----- SOURCE DATA
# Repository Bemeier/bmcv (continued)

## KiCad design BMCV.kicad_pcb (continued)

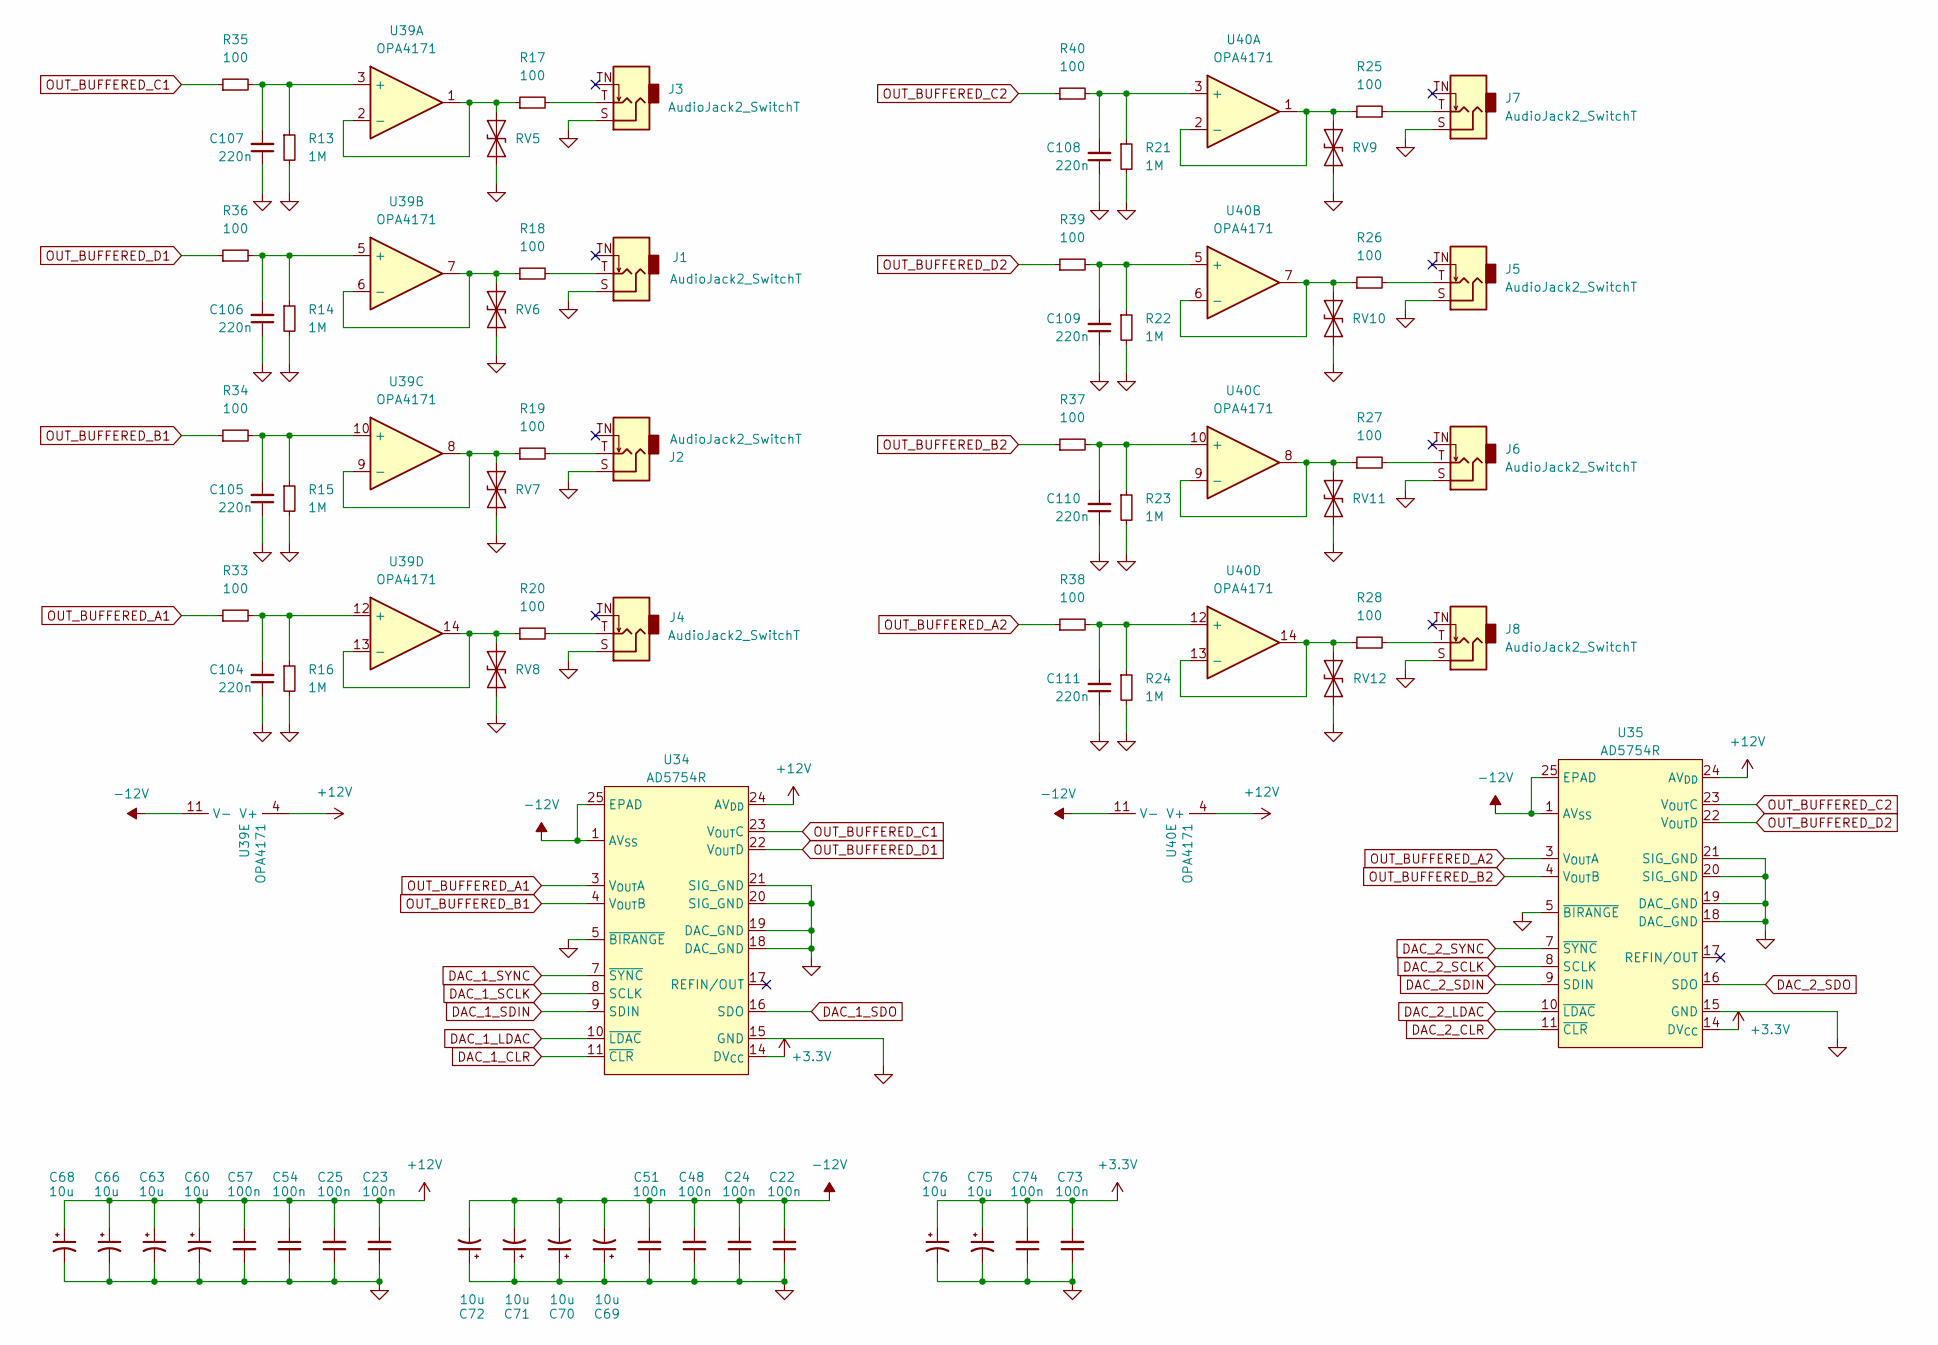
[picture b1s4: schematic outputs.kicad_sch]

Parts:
C22, C23, C24, C25, C48, C51, C54, C57, C73, C74: 100n; C_0603_1608Metric; LCSC Part # C14663
C60, C63, C66, C68, C69, C70, C71, C72, C75, C76: 10u; C_0805_2012Metric; LCSC Part # C237493
C104, C105, C106, C107, C108, C109, C110, C111: 220n; C_0402_1005Metric; LCSC Part # C16772
J1, J2, J3, J4, J5, J6, J7, J8: AudioJack2_SwitchT; Jack_3.5mm_QingPu_WQP-PJ398SM_Vertical_CircularHoles
R13, R14, R15, R16, R21, R22, R23, R24: 1M; R_0603_1608Metric; LCSC Part # C22935
R17, R18, R19, R20, R25, R26, R27, R28: 100; R_0603_1608Metric; LCSC Part # C22775
R33, R34, R35, R36, R37, R38, R39, R40: 100; R_0402_1005Metric; LCSC Part # C25076
RV5, RV6, RV7, RV8, RV9, RV10, RV11, RV12: SD12C-01FTG; D_SOD-323; LCSC Part # C135970
U34, U35: AD5754R; TSSOP-24-1EP_4.4x7.8mm_P0.65mm_EP3.2x5mm; LCSC Part # C392906
U39, U40: OPA4171; TSSOP-14_4.4x5mm_P0.65mm; LCSC Part # C529553

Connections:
3.3V: C73.2, C74.2, C75.1, C76.1, U34.10 (~LDAC), U34.11 (~CLR), U34.14 (DV_{CC}), U35.10 (~LDAC), U35.11 (~CLR), U35.14 (DV_{CC}); also elsewhere on the board
+12V: C23.2, C25.2, C54.1, C57.1, C60.1, C63.1, C66.1, C68.1, U34.24 (AV_{DD}), U35.24 (AV_{DD}), U39.4 (V+), U40.4 (V+); also elsewhere on the board
-12V: C22.2, C24.2, C48.2, C51.2, C69.2, C70.2, C71.2, C72.2, U34.1 (AV_{SS}), U34.25 (EPAD), U35.1 (AV_{SS}), U35.25 (EPAD), U39.11 (V-), U40.11 (V-); also elsewhere on the board
ADC_DAC_SCLK: U34.8 (SCLK), U35.8 (SCLK); also elsewhere on the board
ADC_DAC_SDIN: U34.9 (SDIN); also elsewhere on the board
DAC_1_SYNC: U34.7 (~SYNC), U35.7 (~SYNC); also elsewhere on the board
DAC_2_SDO: U35.16 (SDO)
GND: C22.1, C23.1, C24.1, C25.1, C48.1, C51.1, C54.2, C57.2, C60.2, C63.2, C66.2, C68.2, C69.1, C70.1, C71.1, C72.1, C73.1, C74.1, C75.2, C76.2, C104.1, C105.1, C106.1, C107.1, C108.1, C109.1, C110.1, C111.1, J1.S, J2.S, J3.S, J4.S, J5.S, J6.S, J7.S, J8.S, R13.2, R14.2, R15.2, R16.2, R21.2, R22.2, R23.2, R24.2, RV5.1 (A1), RV6.1 (A1), RV7.1 (A1), RV8.1 (A1), RV9.1 (A1), RV10.1 (A1), RV11.1 (A1), RV12.1 (A1), U34.5 (~BIRANGE), U34.15 (GND), U34.18 (DAC_GND), U34.19 (DAC_GND), U34.20 (SIG_GND), U34.21 (SIG_GND), U35.5 (~BIRANGE), U35.15 (GND), U35.18 (DAC_GND), U35.19 (DAC_GND), U35.20 (SIG_GND), U35.21 (SIG_GND); also elsewhere on the board
unnamed: J1.T, R18.2
unnamed: J2.T, R19.2
unnamed: J3.T, R17.2
unnamed: J4.T, R20.2
unnamed: J5.T, R26.2
unnamed: J6.T, R27.2
unnamed: J7.T, R25.2
unnamed: J8.T, R28.2
unnamed: R17.1, RV5.2 (A2), U39.1, U39.2 (-)
unnamed: R18.1, RV6.2 (A2), U39.6 (-), U39.7
unnamed: R19.1, RV7.2 (A2), U39.8, U39.9 (-)
unnamed: R20.1, RV8.2 (A2), U39.13 (-), U39.14
unnamed: R25.1, RV9.2 (A2), U40.1, U40.2 (-)
unnamed: R26.1, RV10.2 (A2), U40.6 (-), U40.7
unnamed: R27.1, RV11.2 (A2), U40.8, U40.9 (-)
unnamed: R28.1, RV12.2 (A2), U40.13 (-), U40.14
unnamed: C107.2, R13.1, R35.2, U39.3 (+)
unnamed: C106.2, R14.1, R36.2, U39.5 (+)
unnamed: C105.2, R15.1, R34.2, U39.10 (+)
unnamed: C104.2, R16.1, R33.2, U39.12 (+)
unnamed: C108.2, R21.1, R40.2, U40.3 (+)
unnamed: C109.2, R22.1, R39.2, U40.5 (+)
unnamed: C110.2, R23.1, R37.2, U40.10 (+)
unnamed: C111.2, R24.1, R38.2, U40.12 (+)
OUT_BUFFERED_A1: R33.1, U34.3 (V_{OUT}A)
OUT_BUFFERED_A2: R38.1, U35.3 (V_{OUT}A)
OUT_BUFFERED_B1: R34.1, U34.4 (V_{OUT}B)
OUT_BUFFERED_B2: R37.1, U35.4 (V_{OUT}B)
OUT_BUFFERED_C1: R35.1, U34.23 (V_{OUT}C)
OUT_BUFFERED_C2: R40.1, U35.23 (V_{OUT}C)
OUT_BUFFERED_D1: R36.1, U34.22 (V_{OUT}D)
OUT_BUFFERED_D2: R39.1, U35.22 (V_{OUT}D)

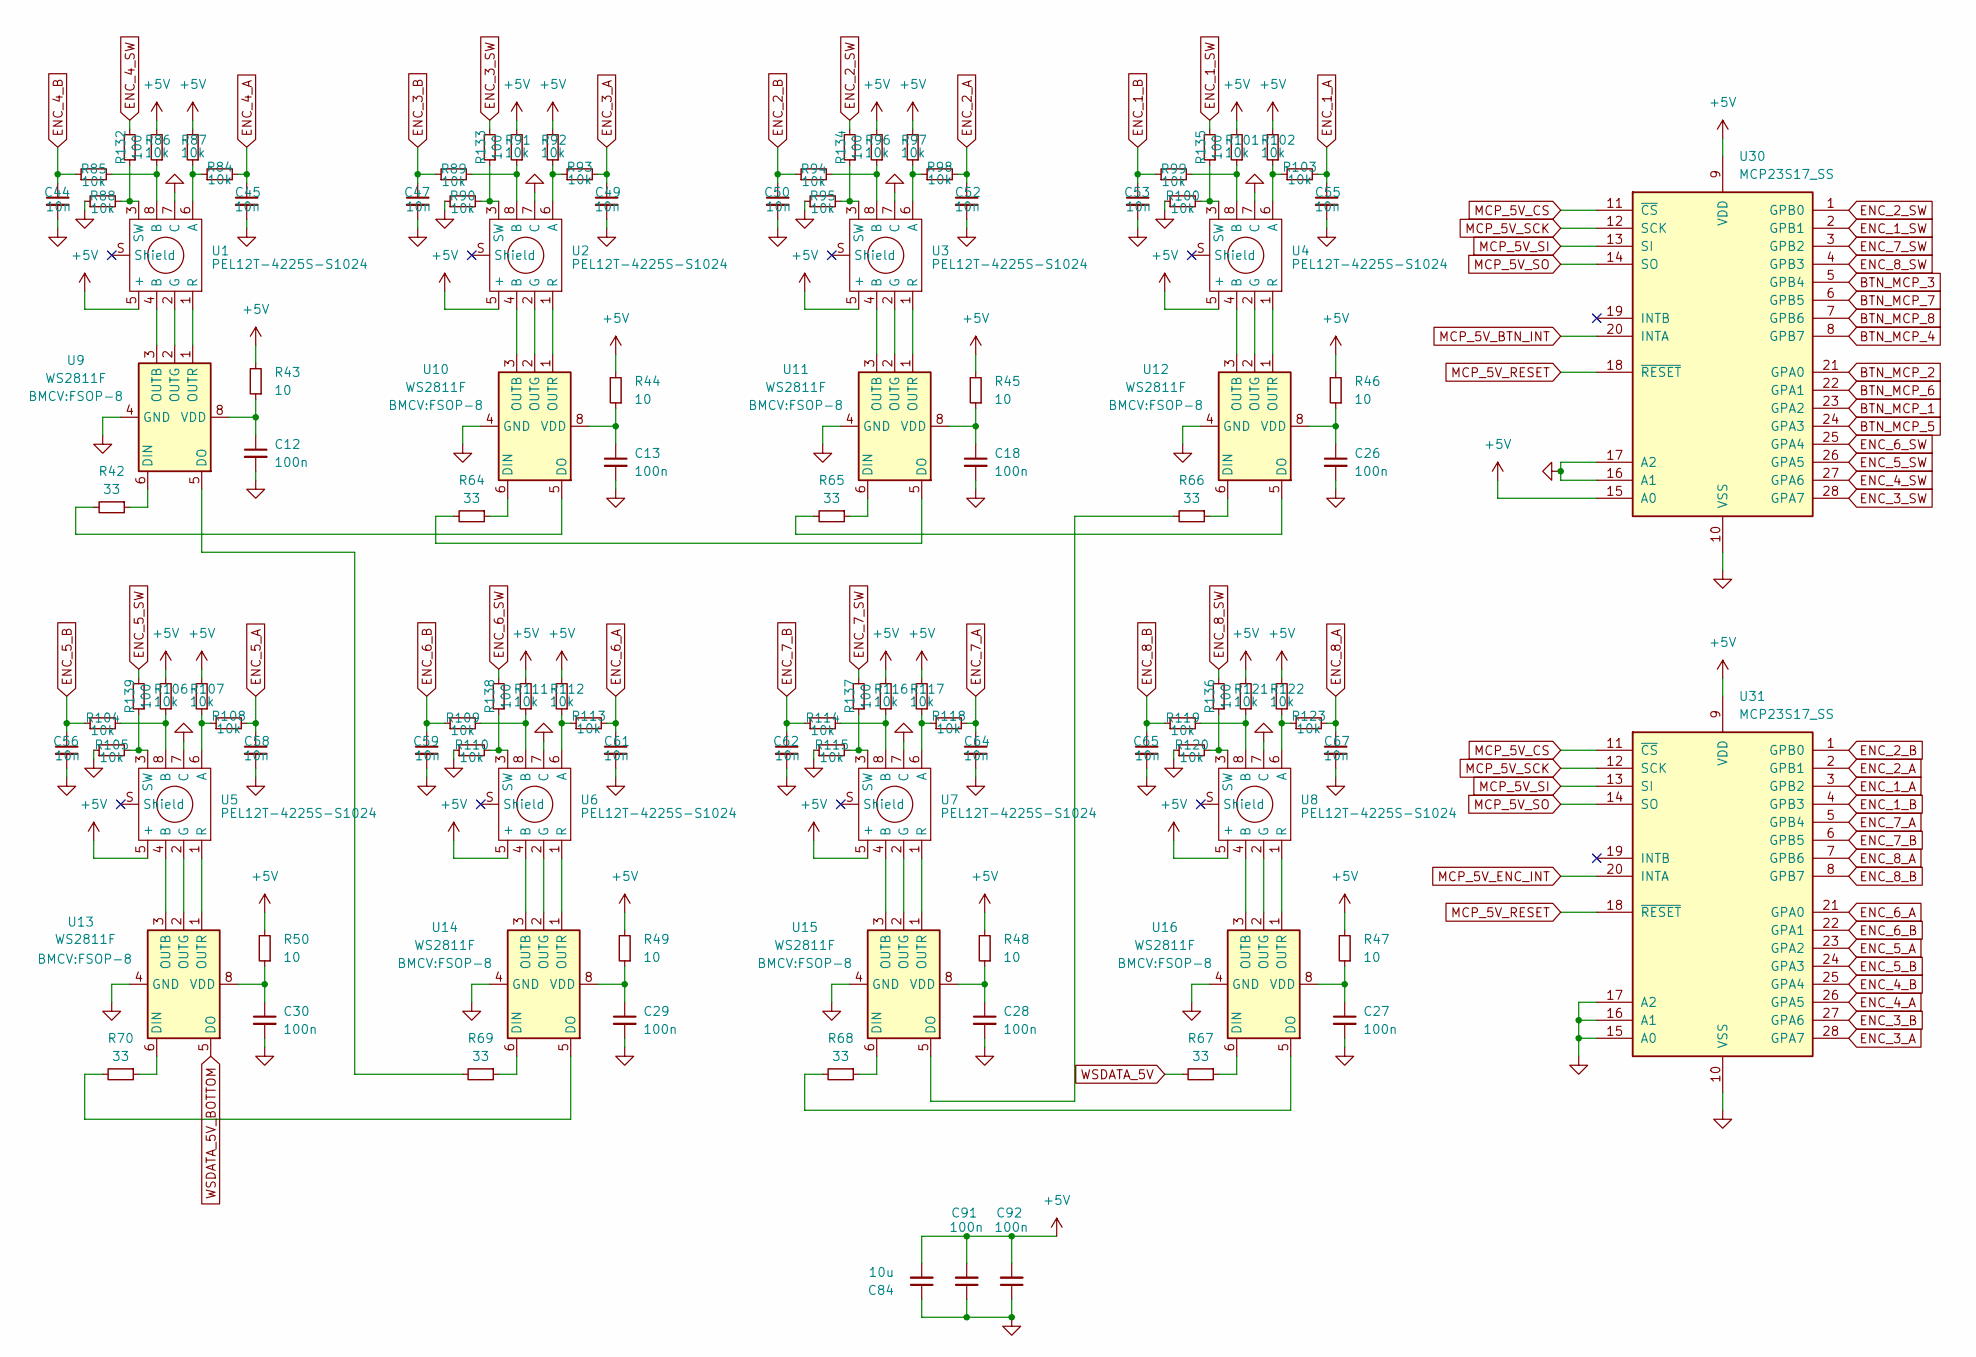
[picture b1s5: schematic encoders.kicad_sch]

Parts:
C12, C13, C18, C26, C27, C28, C29, C30: 100n; C_0402_1005Metric; LCSC Part # C307331
C44, C45, C47, C49, C50, C52, C53, C55, C56, C58, C59, C61, C62, C64, C65, C67: 10n; C_0402_1005Metric; LCSC Part # C15195
C84: 10u; C_0805_2012Metric; LCSC Part # C237493
C91, C92: 100n; C_0603_1608Metric; LCSC Part # C14663
R42, R64, R65, R66, R67, R68, R69, R70: 33; R_0402_1005Metric; LCSC Part # C25105
R43, R44, R45, R46, R47, R48, R49, R50: 10; R_0402_1005Metric; LCSC Part # C25077
R84, R85, R86, R87, R88, R89, R90, R91, R92, R93, R94, R95, R96, R97, R98, R99, R100, R101, R102, R103, R104, R105, R106, R107, R108, R109, R110, R111, R112, R113, R114, R115, R116, R117, R118, R119, R120, R121, R122, R123: 10k; R_0402_1005Metric; LCSC Part # C25744
R132, R133, R134, R135, R136, R137, R138, R139: 100; R_0402_1005Metric; LCSC Part # C25076
U1, U2, U3, U4, U5, U6, U7, U8: PEL12T-4225S-S1024; PEL12T-4xxxS-S1024
U9, U10, U11, U12, U13, U14, U15, U16: WS2811F; FSOP-8; LCSC Part # C5446692
U30, U31: MCP23S17_SS; SSOP-28_5.3x10.2mm_P0.65mm; LCSC Part # C128577

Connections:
+5V: C84.2, C91.2, C92.2, R43.2, R44.2, R45.2, R46.2, R47.2, R48.2, R49.2, R50.2, R86.2, R87.2, R91.2, R92.2, R96.2, R97.2, R101.2, R102.2, R106.2, R107.2, R111.2, R112.2, R116.2, R117.2, R121.2, R122.2, U1.5 (+), U2.5 (+), U3.5 (+), U4.5 (+), U5.5 (+), U6.5 (+), U7.5 (+), U8.5 (+), U30.9 (VDD), U30.15 (A0), U31.9 (VDD); also elsewhere on the board
BTN_MCP_1: U30.23 (GPA2); also elsewhere on the board
BTN_MCP_2: U30.21 (GPA0); also elsewhere on the board
BTN_MCP_3: U30.5 (GPB4); also elsewhere on the board
BTN_MCP_4: U30.8 (GPB7); also elsewhere on the board
BTN_MCP_5: U30.24 (GPA3); also elsewhere on the board
BTN_MCP_6: U30.22 (GPA1); also elsewhere on the board
BTN_MCP_7: U30.6 (GPB5); also elsewhere on the board
BTN_MCP_8: U30.7 (GPB6); also elsewhere on the board
ENC_1_A: C55.1, R103.2, U31.3 (GPB2)
ENC_1_B: C53.1, R99.1, U31.4 (GPB3)
ENC_1_SW: R135.2, U30.2 (GPB1)
ENC_2_A: C52.1, R98.2, U31.2 (GPB1)
ENC_2_B: C50.1, R94.1, U31.1 (GPB0)
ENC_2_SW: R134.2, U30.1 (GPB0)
----------
ACTIVITY:
Count every line in the listing above that holds "continued", then report only the count.

TASK OUTPUT:
2